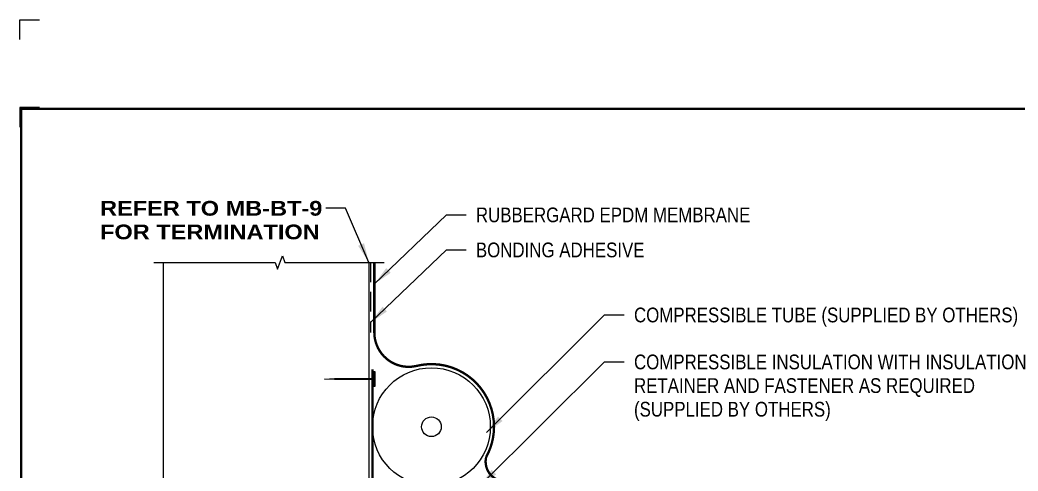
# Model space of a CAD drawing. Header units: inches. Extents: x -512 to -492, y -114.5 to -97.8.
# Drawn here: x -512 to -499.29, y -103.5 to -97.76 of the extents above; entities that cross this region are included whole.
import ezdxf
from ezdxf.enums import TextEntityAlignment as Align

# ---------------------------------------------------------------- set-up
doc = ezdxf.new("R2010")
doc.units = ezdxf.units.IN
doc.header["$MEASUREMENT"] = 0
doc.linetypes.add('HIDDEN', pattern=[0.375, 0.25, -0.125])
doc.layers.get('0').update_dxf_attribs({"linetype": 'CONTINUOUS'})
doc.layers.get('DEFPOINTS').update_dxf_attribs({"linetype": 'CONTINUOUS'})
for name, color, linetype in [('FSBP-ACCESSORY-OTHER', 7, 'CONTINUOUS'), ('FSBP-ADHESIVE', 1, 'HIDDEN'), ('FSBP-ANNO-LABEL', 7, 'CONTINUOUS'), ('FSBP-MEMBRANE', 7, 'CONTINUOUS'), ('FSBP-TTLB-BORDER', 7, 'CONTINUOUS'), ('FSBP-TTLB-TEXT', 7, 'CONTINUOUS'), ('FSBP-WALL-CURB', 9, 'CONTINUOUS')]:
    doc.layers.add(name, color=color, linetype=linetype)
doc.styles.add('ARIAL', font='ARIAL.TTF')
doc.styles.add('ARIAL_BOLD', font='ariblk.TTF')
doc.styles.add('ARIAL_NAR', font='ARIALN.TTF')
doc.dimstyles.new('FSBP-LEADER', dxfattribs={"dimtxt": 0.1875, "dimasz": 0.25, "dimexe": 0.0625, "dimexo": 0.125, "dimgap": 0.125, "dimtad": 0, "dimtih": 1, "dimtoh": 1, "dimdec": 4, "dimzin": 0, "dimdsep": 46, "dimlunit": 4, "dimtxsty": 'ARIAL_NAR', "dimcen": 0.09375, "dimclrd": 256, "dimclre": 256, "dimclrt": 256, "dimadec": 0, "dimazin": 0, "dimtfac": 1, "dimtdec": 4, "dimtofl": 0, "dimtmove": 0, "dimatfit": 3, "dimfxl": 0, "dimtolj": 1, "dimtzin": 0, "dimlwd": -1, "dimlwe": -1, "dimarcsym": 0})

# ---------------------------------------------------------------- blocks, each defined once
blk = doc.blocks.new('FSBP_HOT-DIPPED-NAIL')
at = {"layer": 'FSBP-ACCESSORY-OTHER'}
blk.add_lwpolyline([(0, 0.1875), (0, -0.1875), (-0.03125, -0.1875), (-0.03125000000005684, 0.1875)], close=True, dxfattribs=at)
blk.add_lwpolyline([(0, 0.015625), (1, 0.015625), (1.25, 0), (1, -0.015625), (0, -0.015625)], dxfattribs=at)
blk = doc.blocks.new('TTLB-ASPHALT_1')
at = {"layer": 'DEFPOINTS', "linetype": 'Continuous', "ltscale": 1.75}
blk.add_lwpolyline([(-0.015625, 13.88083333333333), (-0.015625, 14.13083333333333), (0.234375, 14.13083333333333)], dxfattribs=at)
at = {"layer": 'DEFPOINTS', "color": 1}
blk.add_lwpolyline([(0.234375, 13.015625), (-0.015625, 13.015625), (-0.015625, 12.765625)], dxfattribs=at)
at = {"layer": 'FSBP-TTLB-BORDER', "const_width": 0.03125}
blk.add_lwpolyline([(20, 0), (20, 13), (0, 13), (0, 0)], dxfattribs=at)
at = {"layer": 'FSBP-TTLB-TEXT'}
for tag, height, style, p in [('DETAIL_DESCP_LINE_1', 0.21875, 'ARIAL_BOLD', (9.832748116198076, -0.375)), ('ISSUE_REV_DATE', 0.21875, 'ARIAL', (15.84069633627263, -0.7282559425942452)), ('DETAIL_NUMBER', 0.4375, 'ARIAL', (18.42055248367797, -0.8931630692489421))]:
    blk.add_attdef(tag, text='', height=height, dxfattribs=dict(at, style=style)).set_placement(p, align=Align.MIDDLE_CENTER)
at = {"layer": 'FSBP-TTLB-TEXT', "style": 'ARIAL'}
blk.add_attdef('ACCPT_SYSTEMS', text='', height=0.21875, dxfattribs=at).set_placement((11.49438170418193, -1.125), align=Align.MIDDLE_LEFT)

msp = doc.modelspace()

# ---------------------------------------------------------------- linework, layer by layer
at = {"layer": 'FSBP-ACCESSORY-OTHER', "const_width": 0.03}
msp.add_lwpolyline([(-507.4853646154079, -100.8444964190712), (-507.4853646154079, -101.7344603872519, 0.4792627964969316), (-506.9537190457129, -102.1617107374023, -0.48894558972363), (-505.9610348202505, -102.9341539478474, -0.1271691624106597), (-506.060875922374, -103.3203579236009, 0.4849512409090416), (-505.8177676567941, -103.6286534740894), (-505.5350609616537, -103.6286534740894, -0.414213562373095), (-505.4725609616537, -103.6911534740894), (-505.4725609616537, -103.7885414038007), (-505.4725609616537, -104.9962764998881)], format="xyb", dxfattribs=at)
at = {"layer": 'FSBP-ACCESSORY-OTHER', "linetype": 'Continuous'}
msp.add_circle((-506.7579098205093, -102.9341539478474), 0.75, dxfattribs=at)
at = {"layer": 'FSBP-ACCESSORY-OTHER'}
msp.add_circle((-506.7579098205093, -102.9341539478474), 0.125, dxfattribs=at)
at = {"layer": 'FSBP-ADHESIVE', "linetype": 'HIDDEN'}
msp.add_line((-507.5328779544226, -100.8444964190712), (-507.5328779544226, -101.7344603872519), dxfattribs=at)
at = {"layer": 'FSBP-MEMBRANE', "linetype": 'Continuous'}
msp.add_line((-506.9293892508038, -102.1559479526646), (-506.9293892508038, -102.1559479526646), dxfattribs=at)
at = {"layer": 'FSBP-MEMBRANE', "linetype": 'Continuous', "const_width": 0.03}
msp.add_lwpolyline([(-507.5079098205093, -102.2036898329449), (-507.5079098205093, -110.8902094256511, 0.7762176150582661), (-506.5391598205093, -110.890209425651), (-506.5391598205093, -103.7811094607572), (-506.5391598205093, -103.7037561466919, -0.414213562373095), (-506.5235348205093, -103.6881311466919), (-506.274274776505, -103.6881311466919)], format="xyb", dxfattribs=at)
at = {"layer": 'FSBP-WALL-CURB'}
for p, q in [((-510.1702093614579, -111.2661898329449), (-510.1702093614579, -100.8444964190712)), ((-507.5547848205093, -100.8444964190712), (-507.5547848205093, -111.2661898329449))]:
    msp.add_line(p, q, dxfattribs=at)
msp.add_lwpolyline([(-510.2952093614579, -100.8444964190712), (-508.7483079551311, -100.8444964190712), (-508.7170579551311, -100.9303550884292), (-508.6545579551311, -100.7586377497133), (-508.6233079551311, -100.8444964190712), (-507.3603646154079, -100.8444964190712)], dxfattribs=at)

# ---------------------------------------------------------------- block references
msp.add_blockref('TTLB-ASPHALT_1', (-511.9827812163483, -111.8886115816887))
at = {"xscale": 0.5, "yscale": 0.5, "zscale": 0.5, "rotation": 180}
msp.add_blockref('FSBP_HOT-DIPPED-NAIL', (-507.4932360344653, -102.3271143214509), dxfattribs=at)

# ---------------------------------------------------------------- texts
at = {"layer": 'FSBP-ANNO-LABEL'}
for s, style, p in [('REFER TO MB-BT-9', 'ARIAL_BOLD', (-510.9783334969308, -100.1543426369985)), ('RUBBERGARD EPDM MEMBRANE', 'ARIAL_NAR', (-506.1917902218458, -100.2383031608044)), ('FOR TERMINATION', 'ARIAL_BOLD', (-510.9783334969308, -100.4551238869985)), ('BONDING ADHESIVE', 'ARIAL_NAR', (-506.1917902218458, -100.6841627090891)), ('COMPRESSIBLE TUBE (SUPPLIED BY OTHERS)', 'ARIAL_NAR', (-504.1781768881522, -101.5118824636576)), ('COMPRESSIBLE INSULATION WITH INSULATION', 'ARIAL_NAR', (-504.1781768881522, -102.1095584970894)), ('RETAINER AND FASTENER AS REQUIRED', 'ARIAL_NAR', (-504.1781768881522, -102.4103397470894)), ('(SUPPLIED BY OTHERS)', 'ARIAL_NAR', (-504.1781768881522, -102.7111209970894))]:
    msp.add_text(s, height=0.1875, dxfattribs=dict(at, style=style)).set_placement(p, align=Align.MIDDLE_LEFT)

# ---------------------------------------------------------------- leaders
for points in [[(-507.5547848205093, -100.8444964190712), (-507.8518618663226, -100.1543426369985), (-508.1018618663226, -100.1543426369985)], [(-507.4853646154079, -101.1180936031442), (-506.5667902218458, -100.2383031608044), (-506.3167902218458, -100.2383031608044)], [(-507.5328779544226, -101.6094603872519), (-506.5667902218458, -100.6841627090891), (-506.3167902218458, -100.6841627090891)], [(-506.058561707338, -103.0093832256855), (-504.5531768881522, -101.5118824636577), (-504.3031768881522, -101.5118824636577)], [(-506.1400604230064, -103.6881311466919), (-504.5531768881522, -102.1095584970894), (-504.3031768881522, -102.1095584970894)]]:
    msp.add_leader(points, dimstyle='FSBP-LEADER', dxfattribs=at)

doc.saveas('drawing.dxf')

▬▬▬▬▬▬

### INSTRUCTIONS TO FOLLOW:
From the entries above, print the lines beginning at the one with "each defined once" and stopping after the one with "(-0.015625, 12.765625)], dxfattribs=at)", exactly as written and with nothing else.

### ANSWER TO THIS PROBLEM:
# ---------------------------------------------------------------- blocks, each defined once
blk = doc.blocks.new('FSBP_HOT-DIPPED-NAIL')
at = {"layer": 'FSBP-ACCESSORY-OTHER'}
blk.add_lwpolyline([(0, 0.1875), (0, -0.1875), (-0.03125, -0.1875), (-0.03125000000005684, 0.1875)], close=True, dxfattribs=at)
blk.add_lwpolyline([(0, 0.015625), (1, 0.015625), (1.25, 0), (1, -0.015625), (0, -0.015625)], dxfattribs=at)
blk = doc.blocks.new('TTLB-ASPHALT_1')
at = {"layer": 'DEFPOINTS', "linetype": 'Continuous', "ltscale": 1.75}
blk.add_lwpolyline([(-0.015625, 13.88083333333333), (-0.015625, 14.13083333333333), (0.234375, 14.13083333333333)], dxfattribs=at)
at = {"layer": 'DEFPOINTS', "color": 1}
blk.add_lwpolyline([(0.234375, 13.015625), (-0.015625, 13.015625), (-0.015625, 12.765625)], dxfattribs=at)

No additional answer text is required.